STEP AWAY FROM THE CAR SLOWLY AND YOU WONT GET HURT

its one of those new robo imports that will take over the world take it back please 
:fluffy:


----------



## Slayer2003 (Jun 4, 2003)

I'll say what pthers haven't said yet.



YOU BOUGHT A CAR WITH A MANUAL, AND KNOW NOTHING ABOUT IT. 

This leads me to believe that you bought the car without testdriving it. Nice. You obviously didn't test drive it, as you can't seem to get the car to move now.


Find someone to teach you how to drive stick, or sell the car and buy a car you can drive.


----------



## Captain Obvious (Jan 2, 2004)

ok heres a lil lesson for ya

gears on a manual are liek so 



1st 3rd 5th

nutral 

2nd 4th reverse



ok turn the car on push the clutch the left most pedel down all the way place the car in first which is over to the left and up 

slowly release the pedel a lil at a time very slowly until you feel the car catch if it dies do it again slower till it doesent

and if you can not figure it out have some one drive the car back to the ealer and trade it for a standard 
and never take a car without test driving it you put everyone at risk your self and other drivers included when your in a car you cant drive


----------



## Nismo240 (Jul 24, 2004)

WTF?!?!?! you bought a manual transmission car and don't even realize it. you must be retarded. how the hell do you do that??? take the car back and get a moped.


----------



## RBI*04 (Sep 10, 2004)

god. idk how you even could have started it  i dont even want to think how you got it into gear either


----------



## Sparky828 (May 30, 2005)

wow u guys are gulible if u look at his previous posts then u can tell that he know what hes got...


----------



## Blackk Magikk (Dec 26, 2004)

lol Im playin with you guys

I guess I posted this in the wrong section. shoulda put it in off topic.

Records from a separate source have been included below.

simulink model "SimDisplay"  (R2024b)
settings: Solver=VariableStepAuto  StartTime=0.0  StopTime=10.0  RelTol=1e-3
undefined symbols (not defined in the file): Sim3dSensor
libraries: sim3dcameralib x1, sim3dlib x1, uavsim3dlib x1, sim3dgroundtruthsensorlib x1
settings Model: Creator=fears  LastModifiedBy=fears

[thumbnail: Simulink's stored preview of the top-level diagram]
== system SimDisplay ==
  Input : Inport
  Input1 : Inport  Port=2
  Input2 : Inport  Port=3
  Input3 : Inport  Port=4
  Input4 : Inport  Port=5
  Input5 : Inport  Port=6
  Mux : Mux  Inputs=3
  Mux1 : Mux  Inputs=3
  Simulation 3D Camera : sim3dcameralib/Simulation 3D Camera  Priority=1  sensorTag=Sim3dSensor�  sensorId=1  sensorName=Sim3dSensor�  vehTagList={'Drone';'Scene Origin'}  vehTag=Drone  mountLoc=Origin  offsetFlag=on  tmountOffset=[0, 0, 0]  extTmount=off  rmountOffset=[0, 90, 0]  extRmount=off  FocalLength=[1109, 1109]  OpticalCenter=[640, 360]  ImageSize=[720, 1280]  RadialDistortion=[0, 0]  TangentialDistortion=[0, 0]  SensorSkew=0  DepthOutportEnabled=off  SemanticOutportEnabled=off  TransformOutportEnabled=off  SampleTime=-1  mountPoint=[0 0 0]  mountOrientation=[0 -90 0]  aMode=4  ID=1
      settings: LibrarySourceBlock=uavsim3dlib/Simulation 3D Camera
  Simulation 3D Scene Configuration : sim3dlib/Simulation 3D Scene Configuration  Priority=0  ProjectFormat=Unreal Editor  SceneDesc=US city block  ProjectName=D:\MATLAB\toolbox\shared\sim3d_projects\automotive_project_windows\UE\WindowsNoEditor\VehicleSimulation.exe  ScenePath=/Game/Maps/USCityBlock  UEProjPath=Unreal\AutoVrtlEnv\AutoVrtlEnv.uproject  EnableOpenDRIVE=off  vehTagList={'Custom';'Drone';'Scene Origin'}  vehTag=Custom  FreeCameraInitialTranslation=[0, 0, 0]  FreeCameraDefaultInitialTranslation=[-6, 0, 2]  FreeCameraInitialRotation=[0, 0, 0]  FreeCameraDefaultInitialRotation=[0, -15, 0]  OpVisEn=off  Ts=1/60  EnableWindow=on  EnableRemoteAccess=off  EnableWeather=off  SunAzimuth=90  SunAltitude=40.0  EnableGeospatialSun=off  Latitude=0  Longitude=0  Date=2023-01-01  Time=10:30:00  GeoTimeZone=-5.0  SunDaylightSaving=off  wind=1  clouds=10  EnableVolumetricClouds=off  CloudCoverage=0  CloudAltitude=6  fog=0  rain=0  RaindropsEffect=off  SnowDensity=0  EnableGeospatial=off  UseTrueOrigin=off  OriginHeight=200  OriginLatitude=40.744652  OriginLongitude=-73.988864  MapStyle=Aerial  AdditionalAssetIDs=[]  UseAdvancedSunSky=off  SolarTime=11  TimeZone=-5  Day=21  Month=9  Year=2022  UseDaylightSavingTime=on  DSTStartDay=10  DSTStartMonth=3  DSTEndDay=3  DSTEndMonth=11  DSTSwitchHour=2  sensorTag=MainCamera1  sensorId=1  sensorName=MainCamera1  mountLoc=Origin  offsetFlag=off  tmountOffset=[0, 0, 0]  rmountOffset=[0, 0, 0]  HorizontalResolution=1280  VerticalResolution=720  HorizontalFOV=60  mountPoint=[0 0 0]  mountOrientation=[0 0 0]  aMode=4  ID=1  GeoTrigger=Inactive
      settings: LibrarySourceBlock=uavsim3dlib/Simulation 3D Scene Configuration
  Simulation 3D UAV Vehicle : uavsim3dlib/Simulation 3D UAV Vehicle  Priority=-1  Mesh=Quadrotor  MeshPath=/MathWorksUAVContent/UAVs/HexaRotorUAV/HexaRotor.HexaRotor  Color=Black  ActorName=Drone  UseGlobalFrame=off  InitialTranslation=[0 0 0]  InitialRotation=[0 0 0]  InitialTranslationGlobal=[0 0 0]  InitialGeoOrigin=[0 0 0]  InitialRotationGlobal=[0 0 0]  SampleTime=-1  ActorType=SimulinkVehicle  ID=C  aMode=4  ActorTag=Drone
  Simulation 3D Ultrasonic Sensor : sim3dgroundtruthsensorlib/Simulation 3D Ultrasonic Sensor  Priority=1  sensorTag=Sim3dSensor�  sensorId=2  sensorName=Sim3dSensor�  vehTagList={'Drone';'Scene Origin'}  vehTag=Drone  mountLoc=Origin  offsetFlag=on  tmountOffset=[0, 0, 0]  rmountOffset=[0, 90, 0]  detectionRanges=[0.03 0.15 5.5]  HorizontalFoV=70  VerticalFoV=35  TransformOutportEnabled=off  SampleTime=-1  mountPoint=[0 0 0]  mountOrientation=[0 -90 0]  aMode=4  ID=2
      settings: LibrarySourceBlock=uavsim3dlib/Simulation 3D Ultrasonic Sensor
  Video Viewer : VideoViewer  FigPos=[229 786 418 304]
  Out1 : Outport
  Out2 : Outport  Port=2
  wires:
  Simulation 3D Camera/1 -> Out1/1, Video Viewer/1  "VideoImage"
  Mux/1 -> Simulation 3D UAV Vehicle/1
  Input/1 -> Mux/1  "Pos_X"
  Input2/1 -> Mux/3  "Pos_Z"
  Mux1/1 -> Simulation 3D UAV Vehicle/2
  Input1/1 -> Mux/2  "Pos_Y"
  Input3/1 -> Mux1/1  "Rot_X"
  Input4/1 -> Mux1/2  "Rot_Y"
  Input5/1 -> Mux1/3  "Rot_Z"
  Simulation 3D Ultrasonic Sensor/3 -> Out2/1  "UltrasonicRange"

My friend and I were talkin and I noticed that noobs get flamed here a lot. So I wondered what would happen if someone just posted a question that was 100% retarted and was serious when asking it. 

I kinda wanted to see what people would say if someone did this. :thumbup: 

Well at least I got a laugh. And I know a few of you did "What a dumbass how he not know he had a 5speed" lol

all in fun :cheers:


----------



## asleepz (Feb 24, 2004)

ahhh that was good... MaD PrOpZ Yo!


----------



## ICP Sux0rZ! (Jan 10, 2005)

............................


----------



## AznBoiBryant (Dec 29, 2004)

LOL! that was great! HAHAHAAHAH! Made my day all happy :thumbup:


----------



## Nismo240 (Jul 24, 2004)

damn, you got me, lol. that was pretty good, though.


----------



## Captain Obvious (Jan 2, 2004)

see I thought you were playin hence my first post bout the robo imports taking over the world

then I was like well there are some retards in this world mabye he realy dosent know and i felt bad so umm ya

your a butthole lol 
I was laughing my ass off though it was a good one


----------



## xbrandonx (Mar 27, 2004)

I was getting ready to post saying "you drove it from Orlando to your house how the fuck? OH well, funny as fuck, everyone that posted =teh ownage


----------



## Biscuit (Mar 5, 2005)

holy shit im cryin! I didnt get it at first until I read all the replies...im so slow hahahaha :banana:


----------



## xbrandonx (Mar 27, 2004)

studeringaaron said:


> trade it for a standard



That isn't a very good suggestion if this was a real thread. :loser:


----------



## Captain Obvious (Jan 2, 2004)

xbrandonx said:


> That isn't a very good suggestion if this was a real thread. :loser:


I meant trade the auto but i know shitty advice huh


----------